# GData Firewall blockiert Downloads und führt manches Spiel zum Crash



## sinned97 (18. Februar 2015)

*GData Firewall blockiert Downloads und führt manches Spiel zum Crash*

Hallo an alle. Ich habe mir seit neuestem GData Internet Security 2015 gekauft. Nun habe ich folgendes Problem: Immer wenn ich Downloads von Spiele-Launchern, wie DayZ-Launcher, playwithSix-Launcher, etc. dann halten die Downloads immer sofort nach den ersten 2 MB an wenn die Firewall aktiviert ist. Das ist extrem nervig wenn man jetzt zum Beispiel die Firewall für 2 Stunden ausgeschaltet hat und das Spiel noch nicht fertig gedownloadet hat und einfach stoppt und gar nichts mehr passiert und ich ihn neustarten muss. Aber ich habe auch Probleme mit Spielen: wenn ich z.B Arma 3 oder die DayZ Standalone starten will dann crashen die beiden Spiele im Hauptmenü, der Prozess wird weiterhin ausgeführt und ich kann sie auch nicht beenden, wenn die Firewall ausgeschaltet ist, dann passiert alles reibungslos. Ich wollte euch fragen was ich dagegen machen könnte , ich habe auch schon bei GData auf der Webseite nach Anweisungen gesucht, diese haben mir aber nicht geholfen. Ich bin einfach nur noch genervt, das ich die Firewall ausschalten muss, wenn ich einen Download oder ein Spiel starten möchte. Ich habe aber auch Angst, dass wenn die Firewall zu lange aus ist das sich Viren mit einschleußen könnten ohne das ich es merke.


Ich hoffe ihr könnt mir Tipps geben die mir helfen könnten.

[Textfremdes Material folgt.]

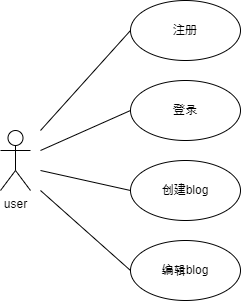

The diagram above was exported from draw.io. Its source (the exported page's mxGraphModel, read from the mxfile embedded in the PNG):
<mxGraphModel dx="917" dy="663" grid="1" gridSize="10" guides="1" tooltips="1" connect="1" arrows="1" fold="1" page="1" pageScale="1" pageWidth="827" pageHeight="1169" math="0" shadow="0">
  <root>
    <mxCell id="0" />
    <mxCell id="1" parent="0" />
    <mxCell id="8TIqENmi5KLjPY0XRd1V-1" value="user" style="shape=umlActor;verticalLabelPosition=bottom;verticalAlign=top;html=1;outlineConnect=0;" vertex="1" parent="1">
      <mxGeometry x="260" y="270" width="30" height="60" as="geometry" />
    </mxCell>
    <mxCell id="8TIqENmi5KLjPY0XRd1V-3" value="" style="endArrow=none;html=1;rounded=0;entryX=0;entryY=0.5;entryDx=0;entryDy=0;" edge="1" parent="1" target="8TIqENmi5KLjPY0XRd1V-6">
      <mxGeometry width="50" height="50" relative="1" as="geometry">
        <mxPoint x="300" y="290" as="sourcePoint" />
        <mxPoint x="380" y="260" as="targetPoint" />
      </mxGeometry>
    </mxCell>
    <mxCell id="8TIqENmi5KLjPY0XRd1V-6" value="登录" style="ellipse;whiteSpace=wrap;html=1;" vertex="1" parent="1">
      <mxGeometry x="390" y="220" width="110" height="60" as="geometry" />
    </mxCell>
    <mxCell id="8TIqENmi5KLjPY0XRd1V-7" value="" style="endArrow=none;html=1;rounded=0;entryX=0;entryY=0.5;entryDx=0;entryDy=0;" edge="1" parent="1" target="8TIqENmi5KLjPY0XRd1V-9">
      <mxGeometry width="50" height="50" relative="1" as="geometry">
        <mxPoint x="300" y="270" as="sourcePoint" />
        <mxPoint x="380" y="190" as="targetPoint" />
      </mxGeometry>
    </mxCell>
    <mxCell id="8TIqENmi5KLjPY0XRd1V-9" value="注册" style="ellipse;whiteSpace=wrap;html=1;" vertex="1" parent="1">
      <mxGeometry x="390" y="140" width="110" height="60" as="geometry" />
    </mxCell>
    <mxCell id="8TIqENmi5KLjPY0XRd1V-10" value="创建blog" style="ellipse;whiteSpace=wrap;html=1;" vertex="1" parent="1">
      <mxGeometry x="390" y="300" width="110" height="60" as="geometry" />
    </mxCell>
    <mxCell id="8TIqENmi5KLjPY0XRd1V-11" value="" style="endArrow=none;html=1;rounded=0;entryX=0;entryY=0.5;entryDx=0;entryDy=0;" edge="1" parent="1" target="8TIqENmi5KLjPY0XRd1V-10">
      <mxGeometry width="50" height="50" relative="1" as="geometry">
        <mxPoint x="300" y="310" as="sourcePoint" />
        <mxPoint x="380" y="330" as="targetPoint" />
      </mxGeometry>
    </mxCell>
    <mxCell id="8TIqENmi5KLjPY0XRd1V-12" value="编辑blog" style="ellipse;whiteSpace=wrap;html=1;" vertex="1" parent="1">
      <mxGeometry x="390" y="380" width="110" height="60" as="geometry" />
    </mxCell>
    <mxCell id="8TIqENmi5KLjPY0XRd1V-13" value="" style="endArrow=none;html=1;rounded=0;entryX=0;entryY=0.5;entryDx=0;entryDy=0;" edge="1" parent="1" target="8TIqENmi5KLjPY0XRd1V-12">
      <mxGeometry width="50" height="50" relative="1" as="geometry">
        <mxPoint x="300" y="330" as="sourcePoint" />
        <mxPoint x="380" y="390" as="targetPoint" />
      </mxGeometry>
    </mxCell>
  </root>
</mxGraphModel>

PS: Ich habe die Firewall auf Normale Sicherheit eingestellt und den Autopiloten habe ich eingeschaltet.

Lg sinned97


----------



## EX-Buzz (18. Februar 2015)

*AW: GData Firewall blockiert Downloads und führt manches Spiel zum Crash*

Du hast in Windows doch eine Firewall integriert, die nicht schlechter ist als andere, warum also noch eine zweite?

Viren fängt man sich nicht durch eine Firewall ein, auch verhindert man sie  dadruch nicht. Eine FW unterbindet einfach die Kommunikation von Programmen über bestimmte Ports, so wie jetzt bei deinen Spielen.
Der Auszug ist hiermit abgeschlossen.